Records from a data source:
BEGIN
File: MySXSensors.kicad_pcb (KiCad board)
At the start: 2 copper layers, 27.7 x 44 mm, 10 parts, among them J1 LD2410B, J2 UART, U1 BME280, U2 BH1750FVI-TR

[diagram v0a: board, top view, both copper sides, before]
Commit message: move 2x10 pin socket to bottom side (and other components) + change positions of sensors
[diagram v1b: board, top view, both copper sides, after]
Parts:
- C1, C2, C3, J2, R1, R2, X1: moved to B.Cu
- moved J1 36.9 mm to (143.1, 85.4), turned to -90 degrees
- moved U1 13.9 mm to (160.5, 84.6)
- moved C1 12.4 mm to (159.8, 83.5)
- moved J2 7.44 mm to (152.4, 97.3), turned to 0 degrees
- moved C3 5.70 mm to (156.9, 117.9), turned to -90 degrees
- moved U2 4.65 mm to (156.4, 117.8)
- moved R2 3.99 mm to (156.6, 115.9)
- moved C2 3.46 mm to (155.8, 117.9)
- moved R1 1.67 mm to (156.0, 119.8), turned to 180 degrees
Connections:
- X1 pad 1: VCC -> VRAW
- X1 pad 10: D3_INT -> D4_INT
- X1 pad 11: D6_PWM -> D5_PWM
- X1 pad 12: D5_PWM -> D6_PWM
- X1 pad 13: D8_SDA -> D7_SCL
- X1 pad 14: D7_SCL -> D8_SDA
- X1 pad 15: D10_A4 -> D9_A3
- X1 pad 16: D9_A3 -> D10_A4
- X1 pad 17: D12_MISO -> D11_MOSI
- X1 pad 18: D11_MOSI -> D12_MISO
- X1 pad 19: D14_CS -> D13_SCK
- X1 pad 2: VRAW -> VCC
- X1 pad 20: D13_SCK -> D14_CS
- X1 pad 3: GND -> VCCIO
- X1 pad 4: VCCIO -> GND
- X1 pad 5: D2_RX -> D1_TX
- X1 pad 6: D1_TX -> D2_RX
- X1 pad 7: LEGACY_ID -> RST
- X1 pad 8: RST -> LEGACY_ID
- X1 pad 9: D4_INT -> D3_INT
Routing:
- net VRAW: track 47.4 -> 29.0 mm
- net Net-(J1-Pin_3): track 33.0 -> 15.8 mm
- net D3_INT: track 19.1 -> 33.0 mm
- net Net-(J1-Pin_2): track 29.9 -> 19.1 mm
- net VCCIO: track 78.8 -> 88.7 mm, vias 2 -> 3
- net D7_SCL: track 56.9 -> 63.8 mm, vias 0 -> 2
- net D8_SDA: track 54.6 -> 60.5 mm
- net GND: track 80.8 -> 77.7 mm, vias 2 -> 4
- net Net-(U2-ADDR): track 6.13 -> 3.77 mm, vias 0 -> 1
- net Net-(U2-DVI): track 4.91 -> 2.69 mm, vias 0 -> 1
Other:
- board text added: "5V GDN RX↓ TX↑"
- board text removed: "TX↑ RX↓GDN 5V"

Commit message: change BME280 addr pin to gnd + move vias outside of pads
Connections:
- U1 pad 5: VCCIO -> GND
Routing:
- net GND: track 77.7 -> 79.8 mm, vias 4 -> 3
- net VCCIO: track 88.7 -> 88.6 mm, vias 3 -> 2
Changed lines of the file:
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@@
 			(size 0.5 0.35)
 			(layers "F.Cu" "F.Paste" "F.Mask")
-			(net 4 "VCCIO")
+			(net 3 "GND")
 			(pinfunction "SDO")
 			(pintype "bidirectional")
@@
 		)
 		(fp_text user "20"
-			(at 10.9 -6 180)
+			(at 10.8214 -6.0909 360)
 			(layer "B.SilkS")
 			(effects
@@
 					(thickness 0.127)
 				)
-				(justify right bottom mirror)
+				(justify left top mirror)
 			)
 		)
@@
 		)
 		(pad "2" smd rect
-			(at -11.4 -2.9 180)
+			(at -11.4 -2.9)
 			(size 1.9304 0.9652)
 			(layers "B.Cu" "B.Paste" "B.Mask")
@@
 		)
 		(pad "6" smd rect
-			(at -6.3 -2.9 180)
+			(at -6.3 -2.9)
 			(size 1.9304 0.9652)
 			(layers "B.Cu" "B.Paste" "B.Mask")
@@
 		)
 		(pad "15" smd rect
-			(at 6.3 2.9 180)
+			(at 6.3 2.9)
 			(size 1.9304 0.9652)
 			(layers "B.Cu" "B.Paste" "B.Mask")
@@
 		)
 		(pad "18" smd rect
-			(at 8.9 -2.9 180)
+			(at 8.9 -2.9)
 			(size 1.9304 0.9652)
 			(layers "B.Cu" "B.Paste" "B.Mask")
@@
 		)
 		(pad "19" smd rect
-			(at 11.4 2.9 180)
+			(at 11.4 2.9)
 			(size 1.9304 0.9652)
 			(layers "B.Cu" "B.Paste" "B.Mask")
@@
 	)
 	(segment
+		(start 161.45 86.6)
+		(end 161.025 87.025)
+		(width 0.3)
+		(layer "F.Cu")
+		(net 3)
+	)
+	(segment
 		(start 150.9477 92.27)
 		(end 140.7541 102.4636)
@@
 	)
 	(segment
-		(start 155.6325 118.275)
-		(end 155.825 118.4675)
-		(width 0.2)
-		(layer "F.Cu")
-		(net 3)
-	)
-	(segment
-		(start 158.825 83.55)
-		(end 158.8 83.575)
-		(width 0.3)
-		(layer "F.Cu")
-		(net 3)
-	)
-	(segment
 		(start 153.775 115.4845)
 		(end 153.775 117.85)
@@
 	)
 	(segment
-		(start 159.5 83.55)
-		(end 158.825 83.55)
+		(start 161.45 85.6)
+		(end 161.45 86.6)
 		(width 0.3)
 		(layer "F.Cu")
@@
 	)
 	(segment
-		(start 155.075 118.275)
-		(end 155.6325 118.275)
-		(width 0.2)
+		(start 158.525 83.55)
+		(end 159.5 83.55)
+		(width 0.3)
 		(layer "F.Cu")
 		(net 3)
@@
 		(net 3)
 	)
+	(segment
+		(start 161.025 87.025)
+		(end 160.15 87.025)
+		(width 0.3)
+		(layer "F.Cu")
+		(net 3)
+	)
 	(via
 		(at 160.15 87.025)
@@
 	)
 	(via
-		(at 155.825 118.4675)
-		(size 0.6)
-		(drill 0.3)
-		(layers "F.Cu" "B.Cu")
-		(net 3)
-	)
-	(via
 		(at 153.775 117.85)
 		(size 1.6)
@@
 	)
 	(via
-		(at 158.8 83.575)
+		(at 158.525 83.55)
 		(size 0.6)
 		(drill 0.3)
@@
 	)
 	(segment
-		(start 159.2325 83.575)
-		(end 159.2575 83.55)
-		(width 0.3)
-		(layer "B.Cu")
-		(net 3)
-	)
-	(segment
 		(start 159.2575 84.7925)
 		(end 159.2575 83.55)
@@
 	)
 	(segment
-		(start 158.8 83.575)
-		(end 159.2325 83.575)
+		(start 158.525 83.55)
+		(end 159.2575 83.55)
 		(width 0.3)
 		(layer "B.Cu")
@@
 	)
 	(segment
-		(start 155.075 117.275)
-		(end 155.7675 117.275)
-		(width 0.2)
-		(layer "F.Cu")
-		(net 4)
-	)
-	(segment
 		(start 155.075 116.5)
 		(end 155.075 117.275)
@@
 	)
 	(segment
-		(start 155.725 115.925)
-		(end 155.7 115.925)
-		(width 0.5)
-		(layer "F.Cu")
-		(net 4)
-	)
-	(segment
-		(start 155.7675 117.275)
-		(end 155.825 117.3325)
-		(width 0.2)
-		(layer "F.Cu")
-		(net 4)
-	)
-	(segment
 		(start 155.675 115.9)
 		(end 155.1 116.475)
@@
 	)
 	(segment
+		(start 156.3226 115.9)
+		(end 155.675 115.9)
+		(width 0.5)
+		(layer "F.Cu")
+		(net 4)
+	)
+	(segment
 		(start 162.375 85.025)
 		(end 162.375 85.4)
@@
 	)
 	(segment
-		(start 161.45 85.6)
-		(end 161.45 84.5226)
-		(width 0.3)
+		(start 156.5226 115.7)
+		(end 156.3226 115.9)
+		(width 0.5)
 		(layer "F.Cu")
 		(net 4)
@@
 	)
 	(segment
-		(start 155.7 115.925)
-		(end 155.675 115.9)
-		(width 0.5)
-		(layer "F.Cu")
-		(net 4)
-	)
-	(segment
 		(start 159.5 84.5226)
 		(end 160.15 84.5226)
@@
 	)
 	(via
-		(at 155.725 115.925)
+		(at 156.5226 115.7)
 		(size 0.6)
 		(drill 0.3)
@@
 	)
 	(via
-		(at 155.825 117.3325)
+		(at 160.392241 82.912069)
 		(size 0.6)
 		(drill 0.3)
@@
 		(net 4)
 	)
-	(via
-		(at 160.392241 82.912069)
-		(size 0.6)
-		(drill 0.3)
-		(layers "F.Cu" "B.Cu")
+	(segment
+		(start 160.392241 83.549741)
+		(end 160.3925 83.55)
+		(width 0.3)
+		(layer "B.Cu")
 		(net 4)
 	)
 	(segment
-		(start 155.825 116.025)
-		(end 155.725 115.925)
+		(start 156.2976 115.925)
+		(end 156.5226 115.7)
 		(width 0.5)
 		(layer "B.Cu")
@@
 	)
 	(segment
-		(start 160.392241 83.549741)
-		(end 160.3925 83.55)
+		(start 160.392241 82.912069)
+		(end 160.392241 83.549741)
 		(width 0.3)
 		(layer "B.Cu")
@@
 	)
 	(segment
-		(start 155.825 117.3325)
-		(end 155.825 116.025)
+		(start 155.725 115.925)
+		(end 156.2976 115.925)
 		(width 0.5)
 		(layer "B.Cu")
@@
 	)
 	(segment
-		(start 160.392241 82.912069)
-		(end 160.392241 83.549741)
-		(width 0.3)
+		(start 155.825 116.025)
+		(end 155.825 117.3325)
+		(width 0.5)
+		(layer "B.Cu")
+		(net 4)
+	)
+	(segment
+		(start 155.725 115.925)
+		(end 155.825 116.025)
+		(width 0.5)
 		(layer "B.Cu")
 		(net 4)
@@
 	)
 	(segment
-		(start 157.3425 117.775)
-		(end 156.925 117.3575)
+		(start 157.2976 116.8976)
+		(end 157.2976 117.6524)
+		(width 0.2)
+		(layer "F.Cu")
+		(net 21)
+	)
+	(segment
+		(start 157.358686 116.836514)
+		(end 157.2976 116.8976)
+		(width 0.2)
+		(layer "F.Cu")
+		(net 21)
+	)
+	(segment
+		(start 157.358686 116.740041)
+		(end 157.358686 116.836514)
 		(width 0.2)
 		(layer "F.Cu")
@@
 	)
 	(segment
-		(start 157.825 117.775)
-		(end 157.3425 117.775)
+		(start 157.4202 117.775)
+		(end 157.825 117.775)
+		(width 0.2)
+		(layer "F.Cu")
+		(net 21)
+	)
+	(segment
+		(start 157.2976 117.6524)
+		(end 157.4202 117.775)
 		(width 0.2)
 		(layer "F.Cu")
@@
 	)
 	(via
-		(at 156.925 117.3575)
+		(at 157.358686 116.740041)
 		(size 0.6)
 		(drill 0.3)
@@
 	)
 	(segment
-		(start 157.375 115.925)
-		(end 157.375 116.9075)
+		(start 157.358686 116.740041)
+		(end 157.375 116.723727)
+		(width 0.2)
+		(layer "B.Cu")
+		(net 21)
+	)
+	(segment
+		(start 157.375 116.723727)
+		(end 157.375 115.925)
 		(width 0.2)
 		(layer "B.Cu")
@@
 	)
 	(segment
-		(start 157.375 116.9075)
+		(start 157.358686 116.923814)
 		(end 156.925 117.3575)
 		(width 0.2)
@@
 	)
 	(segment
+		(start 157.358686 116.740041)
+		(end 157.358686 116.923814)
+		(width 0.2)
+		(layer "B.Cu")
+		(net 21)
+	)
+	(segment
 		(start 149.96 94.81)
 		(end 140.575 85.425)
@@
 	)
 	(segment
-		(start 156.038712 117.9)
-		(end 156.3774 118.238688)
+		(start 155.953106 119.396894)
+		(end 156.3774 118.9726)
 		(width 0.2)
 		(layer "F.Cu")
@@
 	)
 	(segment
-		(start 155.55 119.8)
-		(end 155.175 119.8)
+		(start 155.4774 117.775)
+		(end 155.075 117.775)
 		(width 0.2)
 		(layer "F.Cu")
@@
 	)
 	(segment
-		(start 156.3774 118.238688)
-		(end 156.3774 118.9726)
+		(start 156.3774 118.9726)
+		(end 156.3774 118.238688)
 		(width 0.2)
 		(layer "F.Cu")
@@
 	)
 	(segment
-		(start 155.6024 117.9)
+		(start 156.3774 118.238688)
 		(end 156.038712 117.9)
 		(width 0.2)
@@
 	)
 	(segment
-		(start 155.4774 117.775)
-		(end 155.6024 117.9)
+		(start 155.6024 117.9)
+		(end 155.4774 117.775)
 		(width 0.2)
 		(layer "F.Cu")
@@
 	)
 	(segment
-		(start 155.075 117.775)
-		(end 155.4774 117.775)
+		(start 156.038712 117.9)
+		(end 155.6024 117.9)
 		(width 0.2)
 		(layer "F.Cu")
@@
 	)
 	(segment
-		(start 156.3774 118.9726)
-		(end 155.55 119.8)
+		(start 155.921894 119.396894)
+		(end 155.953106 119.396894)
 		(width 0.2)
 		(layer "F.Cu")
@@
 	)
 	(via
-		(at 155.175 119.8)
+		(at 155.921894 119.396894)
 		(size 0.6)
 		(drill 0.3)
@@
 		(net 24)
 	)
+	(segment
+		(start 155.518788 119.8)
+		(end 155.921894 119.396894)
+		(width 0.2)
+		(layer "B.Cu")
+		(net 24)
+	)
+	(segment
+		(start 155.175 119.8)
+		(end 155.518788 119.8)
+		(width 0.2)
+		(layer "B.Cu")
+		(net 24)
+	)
END
About this exercise: Find the word "VRAW" in the entries. Copy each line that holds it.

Result for this exercise:
- X1 pad 1: VCC -> VRAW
- X1 pad 2: VRAW -> VCC
- net VRAW: track 47.4 -> 29.0 mm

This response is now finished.